There’s this blonde out for a walk.
She comes to a river and sees another blonde on the opposite bank.
“Hey” she shouts, “how can I get to the other side?”
The second blonde looks up the river then down the river then shouts back,
“You are already on the other side.”
Two blondes are working at a warehouse.
One blonde, tired of working, says to the other: “Watch this, I’m going to act crazy so that the boss will send me home.”
She climbs up the racking and hangs from the rafters yelling “I’M A LIGHTBULB, I’M A LIGHTBULB, I’M A LIGHTBULB!!”
“What are you doing?! Get down from there and GO HOME!” shouts the boss.
The second blonde picks up her toolbag and heads towards the door. “Where in the HELL do you think you’re going??” the boss exclaims.
“Well, I can’t work in the dark!”
A man was mowing grass in his front yard
when his attractive neighbour came out of her house and went straight to the mailbox.
She opened it, slammed it shut and stormed back into the house.
A little later, she came out of her house again, went to the mailbox, opened it, and slammed it shut again.
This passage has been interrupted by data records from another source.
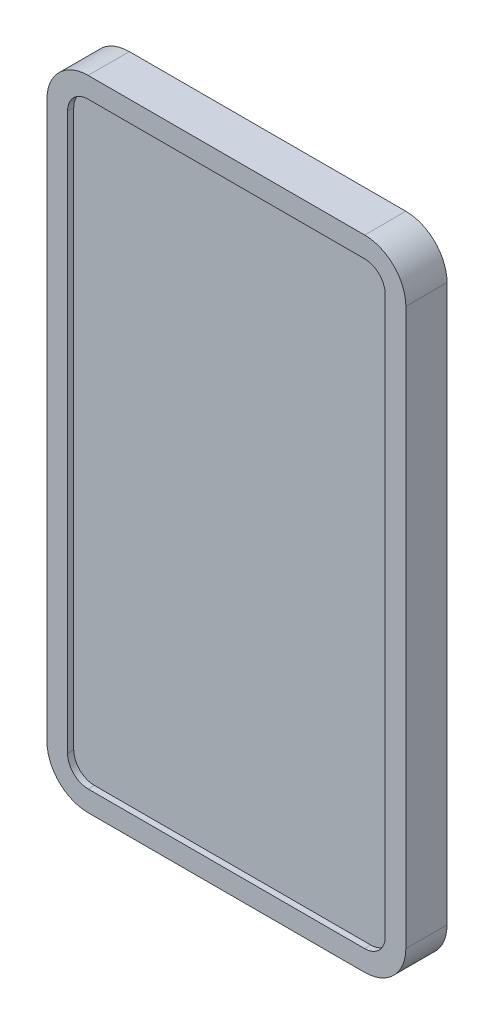
ISO-10303-21;
HEADER;
FILE_DESCRIPTION(('STEP AP214'),'2;1');
FILE_NAME('part.step','',(''),(''),'','','');
FILE_SCHEMA(('AUTOMOTIVE_DESIGN { 1 0 10303 214 1 1 1 1 }'));
ENDSEC;
DATA;
#1=APPLICATION_CONTEXT('core data for automotive mechanical design processes');
#2=APPLICATION_PROTOCOL_DEFINITION('international standard','automotive_design',2000,#1);
#3=PRODUCT_CONTEXT('',#1,'mechanical');
#4=PRODUCT('Part','Part','',(#3));
#5=PRODUCT_RELATED_PRODUCT_CATEGORY('part','',(#4));
#6=PRODUCT_DEFINITION_FORMATION('','',#4);
#7=PRODUCT_DEFINITION_CONTEXT('part definition',#1,'design');
#8=PRODUCT_DEFINITION('design','',#6,#7);
#9=PRODUCT_DEFINITION_SHAPE('','',#8);
#10=(LENGTH_UNIT() NAMED_UNIT(*) SI_UNIT(.MILLI.,.METRE.));
#11=(NAMED_UNIT(*) PLANE_ANGLE_UNIT() SI_UNIT($,.RADIAN.));
#12=(NAMED_UNIT(*) SI_UNIT($,.STERADIAN.) SOLID_ANGLE_UNIT());
#13=UNCERTAINTY_MEASURE_WITH_UNIT(LENGTH_MEASURE(1.E-05),#10,'distance_accuracy_value','');
#14=(GEOMETRIC_REPRESENTATION_CONTEXT(3) GLOBAL_UNCERTAINTY_ASSIGNED_CONTEXT((#13)) GLOBAL_UNIT_ASSIGNED_CONTEXT((#10,
#11,#12)) REPRESENTATION_CONTEXT('',''));
#15=CARTESIAN_POINT('',(0.,0.,0.));
#16=DIRECTION('',(0.,0.,1.));
#17=DIRECTION('',(1.,0.,0.));
#18=AXIS2_PLACEMENT_3D('',#15,#16,#17);
#19=CARTESIAN_POINT('',(0.,155.,20.));
#20=DIRECTION('',(0.,1.,0.));
#21=DIRECTION('',(0.,0.,1.));
#22=AXIS2_PLACEMENT_3D('',#19,#20,#21);
#23=PLANE('',#22);
#24=DIRECTION('',(1.,0.,0.));
#25=VECTOR('',#24,1.);
#26=CARTESIAN_POINT('',(0.,155.,0.));
#27=LINE('',#26,#25);
#28=CARTESIAN_POINT('',(-67.1082085684236,155.,0.));
#29=VERTEX_POINT('',#28);
#30=CARTESIAN_POINT('',(67.1082085684237,155.,0.));
#31=VERTEX_POINT('',#30);
#32=EDGE_CURVE('E139',#29,#31,#27,.T.);
#33=ORIENTED_EDGE('',*,*,#32,.F.);
#34=DIRECTION('',(0.,0.,-1.));
#35=VECTOR('',#34,1.);
#36=CARTESIAN_POINT('',(-67.1082085684236,155.,20.));
#37=LINE('',#36,#35);
#38=CARTESIAN_POINT('',(-67.1082085684236,155.,20.));
#39=VERTEX_POINT('',#38);
#40=EDGE_CURVE('E11',#39,#29,#37,.T.);
#41=ORIENTED_EDGE('',*,*,#40,.F.);
#42=DIRECTION('',(1.,0.,0.));
#43=VECTOR('',#42,1.);
#44=CARTESIAN_POINT('',(0.,155.,20.));
#45=LINE('',#44,#43);
#46=CARTESIAN_POINT('',(67.1082085684237,155.,20.));
#47=VERTEX_POINT('',#46);
#48=EDGE_CURVE('E158',#39,#47,#45,.T.);
#49=ORIENTED_EDGE('',*,*,#48,.T.);
#50=DIRECTION('',(0.,0.,-1.));
#51=VECTOR('',#50,1.);
#52=CARTESIAN_POINT('',(67.1082085684237,155.,20.));
#53=LINE('',#52,#51);
#54=EDGE_CURVE('E89',#47,#31,#53,.T.);
#55=ORIENTED_EDGE('',*,*,#54,.T.);
#56=EDGE_LOOP('',(#33,#41,#49,#55));
#57=FACE_BOUND('',#56,.T.);
#58=ADVANCED_FACE('F34',(#57),#23,.T.);
#59=CARTESIAN_POINT('',(-67.1082085684237,135.,20.));
#60=DIRECTION('',(0.,0.,-1.));
#61=DIRECTION('',(-1.,0.,0.));
#62=AXIS2_PLACEMENT_3D('',#59,#60,#61);
#63=CYLINDRICAL_SURFACE('',#62,20.);
#64=CARTESIAN_POINT('',(-67.1082085684237,135.,0.));
#65=DIRECTION('',(0.,0.,1.));
#66=DIRECTION('',(1.,0.,0.));
#67=AXIS2_PLACEMENT_3D('',#64,#65,#66);
#68=CIRCLE('',#67,20.);
#69=CARTESIAN_POINT('',(-87.1082085684237,135.,0.));
#70=VERTEX_POINT('',#69);
#71=EDGE_CURVE('E142',#29,#70,#68,.T.);
#72=ORIENTED_EDGE('',*,*,#71,.T.);
#73=DIRECTION('',(0.,0.,-1.));
#74=VECTOR('',#73,1.);
#75=CARTESIAN_POINT('',(-87.1082085684237,135.,20.));
#76=LINE('',#75,#74);
#77=CARTESIAN_POINT('',(-87.1082085684237,135.,20.));
#78=VERTEX_POINT('',#77);
#79=EDGE_CURVE('E41',#78,#70,#76,.T.);
#80=ORIENTED_EDGE('',*,*,#79,.F.);
#81=CARTESIAN_POINT('',(-67.1082085684237,135.,20.));
#82=DIRECTION('',(0.,0.,1.));
#83=DIRECTION('',(1.,0.,0.));
#84=AXIS2_PLACEMENT_3D('',#81,#82,#83);
#85=CIRCLE('',#84,20.);
#86=EDGE_CURVE('E190',#39,#78,#85,.T.);
#87=ORIENTED_EDGE('',*,*,#86,.F.);
#88=ORIENTED_EDGE('',*,*,#40,.T.);
#89=EDGE_LOOP('',(#72,#80,#87,#88));
#90=FACE_BOUND('',#89,.T.);
#91=ADVANCED_FACE('F175',(#90),#63,.T.);
#92=CARTESIAN_POINT('',(-87.1082085684237,0.,20.));
#93=DIRECTION('',(-1.,0.,0.));
#94=DIRECTION('',(0.,0.,1.));
#95=AXIS2_PLACEMENT_3D('',#92,#93,#94);
#96=PLANE('',#95);
#97=DIRECTION('',(0.,1.,0.));
#98=VECTOR('',#97,1.);
#99=CARTESIAN_POINT('',(-87.1082085684237,0.,0.));
#100=LINE('',#99,#98);
#101=CARTESIAN_POINT('',(-87.1082085684237,-135.,0.));
#102=VERTEX_POINT('',#101);
#103=EDGE_CURVE('E146',#102,#70,#100,.T.);
#104=ORIENTED_EDGE('',*,*,#103,.F.);
#105=DIRECTION('',(0.,0.,-1.));
#106=VECTOR('',#105,1.);
#107=CARTESIAN_POINT('',(-87.1082085684237,-135.,20.));
#108=LINE('',#107,#106);
#109=CARTESIAN_POINT('',(-87.1082085684237,-135.,20.));
#110=VERTEX_POINT('',#109);
#111=EDGE_CURVE('E165',#110,#102,#108,.T.);
#112=ORIENTED_EDGE('',*,*,#111,.F.);
#113=DIRECTION('',(0.,1.,0.));
#114=VECTOR('',#113,1.);
#115=CARTESIAN_POINT('',(-87.1082085684237,0.,20.));
#116=LINE('',#115,#114);
#117=EDGE_CURVE('E172',#110,#78,#116,.T.);
#118=ORIENTED_EDGE('',*,*,#117,.T.);
#119=ORIENTED_EDGE('',*,*,#79,.T.);
#120=EDGE_LOOP('',(#104,#112,#118,#119));
#121=FACE_BOUND('',#120,.T.);
#122=ADVANCED_FACE('F170',(#121),#96,.T.);
#123=CARTESIAN_POINT('',(-67.1082085684237,-135.,20.));
#124=DIRECTION('',(0.,0.,-1.));
#125=DIRECTION('',(-1.,0.,0.));
#126=AXIS2_PLACEMENT_3D('',#123,#124,#125);
#127=CYLINDRICAL_SURFACE('',#126,20.);
#128=CARTESIAN_POINT('',(-67.1082085684237,-135.,0.));
#129=DIRECTION('',(0.,0.,1.));
#130=DIRECTION('',(1.,0.,0.));
#131=AXIS2_PLACEMENT_3D('',#128,#129,#130);
#132=CIRCLE('',#131,20.);
#133=CARTESIAN_POINT('',(-67.1082085684236,-155.,0.));
#134=VERTEX_POINT('',#133);
#135=EDGE_CURVE('E149',#102,#134,#132,.T.);
#136=ORIENTED_EDGE('',*,*,#135,.T.);
#137=DIRECTION('',(0.,0.,-1.));
#138=VECTOR('',#137,1.);
#139=CARTESIAN_POINT('',(-67.1082085684236,-155.,20.));
#140=LINE('',#139,#138);
#141=CARTESIAN_POINT('',(-67.1082085684236,-155.,20.));
#142=VERTEX_POINT('',#141);
#143=EDGE_CURVE('E162',#142,#134,#140,.T.);
#144=ORIENTED_EDGE('',*,*,#143,.F.);
#145=CARTESIAN_POINT('',(-67.1082085684237,-135.,20.));
#146=DIRECTION('',(0.,0.,1.));
#147=DIRECTION('',(1.,0.,0.));
#148=AXIS2_PLACEMENT_3D('',#145,#146,#147);
#149=CIRCLE('',#148,20.);
#150=EDGE_CURVE('E186',#110,#142,#149,.T.);
#151=ORIENTED_EDGE('',*,*,#150,.F.);
#152=ORIENTED_EDGE('',*,*,#111,.T.);
#153=EDGE_LOOP('',(#136,#144,#151,#152));
#154=FACE_BOUND('',#153,.T.);
#155=ADVANCED_FACE('F182',(#154),#127,.T.);
#156=CARTESIAN_POINT('',(0.,-155.,20.));
#157=DIRECTION('',(0.,1.,0.));
#158=DIRECTION('',(-1.,0.,0.));
#159=AXIS2_PLACEMENT_3D('',#156,#157,#158);
#160=PLANE('',#159);
#161=DIRECTION('',(1.,0.,0.));
#162=VECTOR('',#161,1.);
#163=CARTESIAN_POINT('',(0.,-155.,0.));
#164=LINE('',#163,#162);
#165=CARTESIAN_POINT('',(67.1082085684237,-155.,0.));
#166=VERTEX_POINT('',#165);
#167=EDGE_CURVE('E151',#134,#166,#164,.T.);
#168=ORIENTED_EDGE('',*,*,#167,.T.);
#169=DIRECTION('',(0.,0.,-1.));
#170=VECTOR('',#169,1.);
#171=CARTESIAN_POINT('',(67.1082085684237,-155.,20.));
#172=LINE('',#171,#170);
#173=CARTESIAN_POINT('',(67.1082085684237,-155.,20.));
#174=VERTEX_POINT('',#173);
#175=EDGE_CURVE('E130',#174,#166,#172,.T.);
#176=ORIENTED_EDGE('',*,*,#175,.F.);
#177=DIRECTION('',(1.,0.,0.));
#178=VECTOR('',#177,1.);
#179=CARTESIAN_POINT('',(0.,-155.,20.));
#180=LINE('',#179,#178);
#181=EDGE_CURVE('E118',#142,#174,#180,.T.);
#182=ORIENTED_EDGE('',*,*,#181,.F.);
#183=ORIENTED_EDGE('',*,*,#143,.T.);
#184=EDGE_LOOP('',(#168,#176,#182,#183));
#185=FACE_BOUND('',#184,.T.);
#186=ADVANCED_FACE('F185',(#185),#160,.F.);
#187=CARTESIAN_POINT('',(67.1082085684238,-135.,20.));
#188=DIRECTION('',(0.,0.,-1.));
#189=DIRECTION('',(-1.,0.,0.));
#190=AXIS2_PLACEMENT_3D('',#187,#188,#189);
#191=CYLINDRICAL_SURFACE('',#190,20.);
#192=CARTESIAN_POINT('',(67.1082085684238,-135.,0.));
#193=DIRECTION('',(0.,0.,1.));
#194=DIRECTION('',(1.,0.,0.));
#195=AXIS2_PLACEMENT_3D('',#192,#193,#194);
#196=CIRCLE('',#195,20.);
#197=CARTESIAN_POINT('',(87.1082085684238,-135.,0.));
#198=VERTEX_POINT('',#197);
#199=EDGE_CURVE('E127',#166,#198,#196,.T.);
#200=ORIENTED_EDGE('',*,*,#199,.T.);
#201=DIRECTION('',(0.,0.,-1.));
#202=VECTOR('',#201,1.);
#203=CARTESIAN_POINT('',(87.1082085684238,-135.,20.));
#204=LINE('',#203,#202);
#205=CARTESIAN_POINT('',(87.1082085684238,-135.,20.));
#206=VERTEX_POINT('',#205);
#207=EDGE_CURVE('E124',#206,#198,#204,.T.);
#208=ORIENTED_EDGE('',*,*,#207,.F.);
#209=CARTESIAN_POINT('',(67.1082085684238,-135.,20.));
#210=DIRECTION('',(0.,0.,1.));
#211=DIRECTION('',(1.,0.,0.));
#212=AXIS2_PLACEMENT_3D('',#209,#210,#211);
#213=CIRCLE('',#212,20.);
#214=EDGE_CURVE('E111',#174,#206,#213,.T.);
#215=ORIENTED_EDGE('',*,*,#214,.F.);
#216=ORIENTED_EDGE('',*,*,#175,.T.);
#217=EDGE_LOOP('',(#200,#208,#215,#216));
#218=FACE_BOUND('',#217,.T.);
#219=ADVANCED_FACE('F125',(#218),#191,.T.);
#220=CARTESIAN_POINT('',(87.1082085684238,0.,20.));
#221=DIRECTION('',(-1.,0.,0.));
#222=DIRECTION('',(0.,0.,1.));
#223=AXIS2_PLACEMENT_3D('',#220,#221,#222);
#224=PLANE('',#223);
#225=DIRECTION('',(0.,1.,0.));
#226=VECTOR('',#225,1.);
#227=CARTESIAN_POINT('',(87.1082085684238,0.,0.));
#228=LINE('',#227,#226);
#229=CARTESIAN_POINT('',(87.1082085684238,135.,0.));
#230=VERTEX_POINT('',#229);
#231=EDGE_CURVE('E154',#198,#230,#228,.T.);
#232=ORIENTED_EDGE('',*,*,#231,.T.);
#233=DIRECTION('',(0.,0.,-1.));
#234=VECTOR('',#233,1.);
#235=CARTESIAN_POINT('',(87.1082085684238,135.,20.));
#236=LINE('',#235,#234);
#237=CARTESIAN_POINT('',(87.1082085684238,135.,20.));
#238=VERTEX_POINT('',#237);
#239=EDGE_CURVE('E131',#238,#230,#236,.T.);
#240=ORIENTED_EDGE('',*,*,#239,.F.);
#241=DIRECTION('',(0.,1.,0.));
#242=VECTOR('',#241,1.);
#243=CARTESIAN_POINT('',(87.1082085684238,0.,20.));
#244=LINE('',#243,#242);
#245=EDGE_CURVE('E115',#206,#238,#244,.T.);
#246=ORIENTED_EDGE('',*,*,#245,.F.);
#247=ORIENTED_EDGE('',*,*,#207,.T.);
#248=EDGE_LOOP('',(#232,#240,#246,#247));
#249=FACE_BOUND('',#248,.T.);
#250=ADVANCED_FACE('F133',(#249),#224,.F.);
#251=CARTESIAN_POINT('',(67.1082085684238,135.,20.));
#252=DIRECTION('',(0.,0.,-1.));
#253=DIRECTION('',(-1.,0.,0.));
#254=AXIS2_PLACEMENT_3D('',#251,#252,#253);
#255=CYLINDRICAL_SURFACE('',#254,20.);
#256=CARTESIAN_POINT('',(67.1082085684238,135.,0.));
#257=DIRECTION('',(0.,0.,1.));
#258=DIRECTION('',(1.,0.,0.));
#259=AXIS2_PLACEMENT_3D('',#256,#257,#258);
#260=CIRCLE('',#259,20.);
#261=EDGE_CURVE('E156',#230,#31,#260,.T.);
#262=ORIENTED_EDGE('',*,*,#261,.T.);
#263=ORIENTED_EDGE('',*,*,#54,.F.);
#264=CARTESIAN_POINT('',(67.1082085684238,135.,20.));
#265=DIRECTION('',(0.,0.,1.));
#266=DIRECTION('',(1.,0.,0.));
#267=AXIS2_PLACEMENT_3D('',#264,#265,#266);
#268=CIRCLE('',#267,20.);
#269=EDGE_CURVE('E57',#238,#47,#268,.T.);
#270=ORIENTED_EDGE('',*,*,#269,.F.);
#271=ORIENTED_EDGE('',*,*,#239,.T.);
#272=EDGE_LOOP('',(#262,#263,#270,#271));
#273=FACE_BOUND('',#272,.T.);
#274=ADVANCED_FACE('F339',(#273),#255,.T.);
#275=CARTESIAN_POINT('',(0.,0.,20.));
#276=DIRECTION('',(0.,0.,1.));
#277=DIRECTION('',(1.,0.,0.));
#278=AXIS2_PLACEMENT_3D('',#275,#276,#277);
#279=PLANE('',#278);
#280=CARTESIAN_POINT('',(67.1082085684238,135.,20.));
#281=DIRECTION('',(0.,0.,1.));
#282=DIRECTION('',(1.,0.,0.));
#283=AXIS2_PLACEMENT_3D('',#280,#281,#282);
#284=CIRCLE('',#283,9.99999999999999);
#285=CARTESIAN_POINT('',(77.1082085684238,135.,20.));
#286=VERTEX_POINT('',#285);
#287=CARTESIAN_POINT('',(67.1082085684237,145.,20.));
#288=VERTEX_POINT('',#287);
#289=EDGE_CURVE('E48',#286,#288,#284,.T.);
#290=ORIENTED_EDGE('',*,*,#289,.F.);
#291=DIRECTION('',(0.,1.,0.));
#292=VECTOR('',#291,1.);
#293=CARTESIAN_POINT('',(77.1082085684238,-135.,20.));
#294=LINE('',#293,#292);
#295=CARTESIAN_POINT('',(77.1082085684238,-135.,20.));
#296=VERTEX_POINT('',#295);
#297=EDGE_CURVE('E215',#296,#286,#294,.T.);
#298=ORIENTED_EDGE('',*,*,#297,.F.);
#299=CARTESIAN_POINT('',(67.1082085684238,-135.,20.));
#300=DIRECTION('',(0.,0.,1.));
#301=DIRECTION('',(1.,0.,0.));
#302=AXIS2_PLACEMENT_3D('',#299,#300,#301);
#303=CIRCLE('',#302,9.99999999999999);
#304=CARTESIAN_POINT('',(67.1082085684237,-145.,20.));
#305=VERTEX_POINT('',#304);
#306=EDGE_CURVE('E219',#305,#296,#303,.T.);
#307=ORIENTED_EDGE('',*,*,#306,.F.);
#308=DIRECTION('',(1.,0.,0.));
#309=VECTOR('',#308,1.);
#310=CARTESIAN_POINT('',(-67.1082085684236,-145.,20.));
#311=LINE('',#310,#309);
#312=CARTESIAN_POINT('',(-67.1082085684236,-145.,20.));
#313=VERTEX_POINT('',#312);
#314=EDGE_CURVE('E222',#313,#305,#311,.T.);
#315=ORIENTED_EDGE('',*,*,#314,.F.);
#316=CARTESIAN_POINT('',(-67.1082085684237,-135.,20.));
#317=DIRECTION('',(0.,0.,1.));
#318=DIRECTION('',(1.,0.,0.));
#319=AXIS2_PLACEMENT_3D('',#316,#317,#318);
#320=CIRCLE('',#319,10.);
#321=CARTESIAN_POINT('',(-77.1082085684237,-135.,20.));
#322=VERTEX_POINT('',#321);
#323=EDGE_CURVE('E225',#322,#313,#320,.T.);
#324=ORIENTED_EDGE('',*,*,#323,.F.);
#325=DIRECTION('',(0.,-1.,0.));
#326=VECTOR('',#325,1.);
#327=CARTESIAN_POINT('',(-77.1082085684237,135.,20.));
#328=LINE('',#327,#326);
#329=CARTESIAN_POINT('',(-77.1082085684237,135.,20.));
#330=VERTEX_POINT('',#329);
#331=EDGE_CURVE('E228',#330,#322,#328,.T.);
#332=ORIENTED_EDGE('',*,*,#331,.F.);
#333=CARTESIAN_POINT('',(-67.1082085684237,135.,20.));
#334=DIRECTION('',(0.,0.,1.));
#335=DIRECTION('',(1.,0.,0.));
#336=AXIS2_PLACEMENT_3D('',#333,#334,#335);
#337=CIRCLE('',#336,9.99999999999999);
#338=CARTESIAN_POINT('',(-67.1082085684236,145.,20.));
#339=VERTEX_POINT('',#338);
#340=EDGE_CURVE('E231',#339,#330,#337,.T.);
#341=ORIENTED_EDGE('',*,*,#340,.F.);
#342=DIRECTION('',(-1.,0.,0.));
#343=VECTOR('',#342,1.);
#344=CARTESIAN_POINT('',(67.1082085684237,145.,20.));
#345=LINE('',#344,#343);
#346=EDGE_CURVE('E234',#288,#339,#345,.T.);
#347=ORIENTED_EDGE('',*,*,#346,.F.);
#348=EDGE_LOOP('',(#290,#298,#307,#315,#324,#332,#341,#347));
#349=FACE_BOUND('',#348,.T.);
#350=ORIENTED_EDGE('',*,*,#48,.F.);
#351=ORIENTED_EDGE('',*,*,#86,.T.);
#352=ORIENTED_EDGE('',*,*,#117,.F.);
#353=ORIENTED_EDGE('',*,*,#150,.T.);
#354=ORIENTED_EDGE('',*,*,#181,.T.);
#355=ORIENTED_EDGE('',*,*,#214,.T.);
#356=ORIENTED_EDGE('',*,*,#245,.T.);
#357=ORIENTED_EDGE('',*,*,#269,.T.);
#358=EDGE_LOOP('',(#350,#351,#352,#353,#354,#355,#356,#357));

Angrily, she went back in.
As the man was getting ready to edge the lawn, she came out again, marched to the mailbox, opened it and then slammed it harder than ever.
Puzzled by her actions, the man asked her, “Is something wrong?”
To which she replied, “My stupid computer keeps saying you’ve got mail!”
A dog walks into a pub, and takes a seat.
He says to the barman, “Can I have a pint of lager and a packet of crisps please”.
The barman says, “Wow, that’s amazing! You should join the circus!”
The dog replies, “Why? Do they need electricians?”
Two blondes finds a mirror on the sidewalk.
The first blonde picks it up, looks into it, and says, “Hey, I know this person! I’ve seen her somewhere before.”
The second blonde takes the mirror, looks into it, and says, “Duh! Of course you have that’s me!”